Man, it's been slow going! Reading up on Islam
is soooooo boring. There are hardly any real miracles, although Islamic
scholars believe that the Qur’an is miraculous by its very nature in
being a 'revealed' text and because of Islam's tradition of not
translating the Qur'an into a different language from the original, any
translations you read are more of a 'literal' translation than most of
the standard Bible translations, so it's like reading Shakespear.
As some of you who regularly read my blogs may know, I like to study religions so that I can attempt to knock 'em down
with logic or point out historical inaccuracies, or show how a cirtain legend is actualy just based on another earlier religion's legends with the names and possibly the location changed, but there's hardly
anything in Islam
to knock or point out. It reads as like Abrahamic religion but without most of
the mystical bullsh!t.
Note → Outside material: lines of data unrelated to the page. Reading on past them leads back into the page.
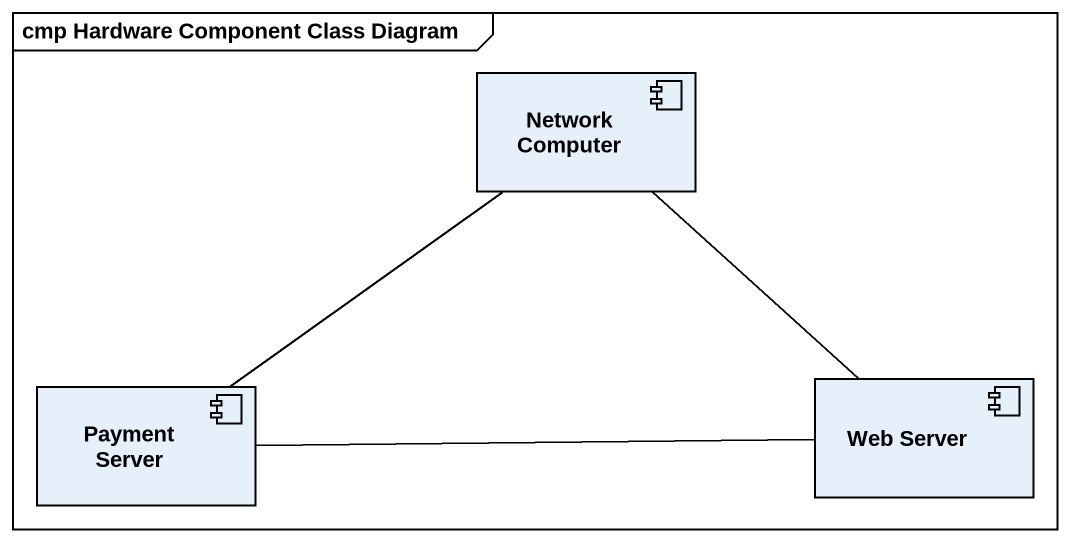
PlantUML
@startuml
mainframe cmp Hardware Component Class Diagram
component "Network Computer" as Network_Computer
component "Payment Server" as Payment_Server
component "Web Server" as Web_Server
Network_Computer -- Web_Server
Payment_Server -up- Network_Computer
Payment_Server -right- Web_Server
@enduml

What little there is is simply based on the
Judaistic texts of the Old Testament, so I've already covered any
points there in my earlier blogs, but as for the story of Muhammad himself... well there
are many corroborating historical sources for his existence, so he was
more than likely a real man, but he was simply a preacher from Mecca
who claimed to be in constant contact with the angel Gabriel (who
quoted the Qur'an to Muhammad) and who was invited to act as a neutral
outsider to Medina to serve as chief arbitrator for the entire
community. There was lots of fighting between feuding clans at the time
and it had become obvious to them all that the tribal conceptions of
blood-feud and an eye for an eye were no longer workable unless there
was one man with authority to adjudicate in disputed cases. So a
delegation from Medina pledged themselves and their fellow citizens to
accept Muhammad into their community and physically protect him as one
So he upped sticks, and took his Meccan followers with him.
There's a bit here that might
kinda hold a mirror up to Jesus escaping his birthplace from Herod
because the Meccans plotted to assassinate Muhammad before he left.
With the help of Ali, (his cousin) Muhammad fooled the Meccans who were
watching him, and secretly slipped away from the town.
The rest of his story is basicaly made up of Muhammad leading the
Muslims against the Meccans, involving some fighting and lots of
politics and eventualy conquering them and then going on to conquer
northern Arabia and the confederate tribes of Hawazin, although there's
very little actual fighting involved in these conquests because most of
them simply sent emissaries to Medina to surrender to Muhammad and
adopt Islam and he even received the submission of some local chiefs of the region who he hadn't even contacted, let alone threatened.
There's a hadith (oral tradition) known as "The Story of the Cranes"
that's sorta similar to the story of the temptation of Jesus in the
wilderness by Satan (which itself was based on the Egyptian myth of Horus confronting Set in the desert) which describes Muhammad's involvement at the time
of migration which holds that Muhammad pronounced a verse acknowledging
the existence of three Meccan goddesses considered to be the daughters
of Allah, praising them, and appealing for their intercession.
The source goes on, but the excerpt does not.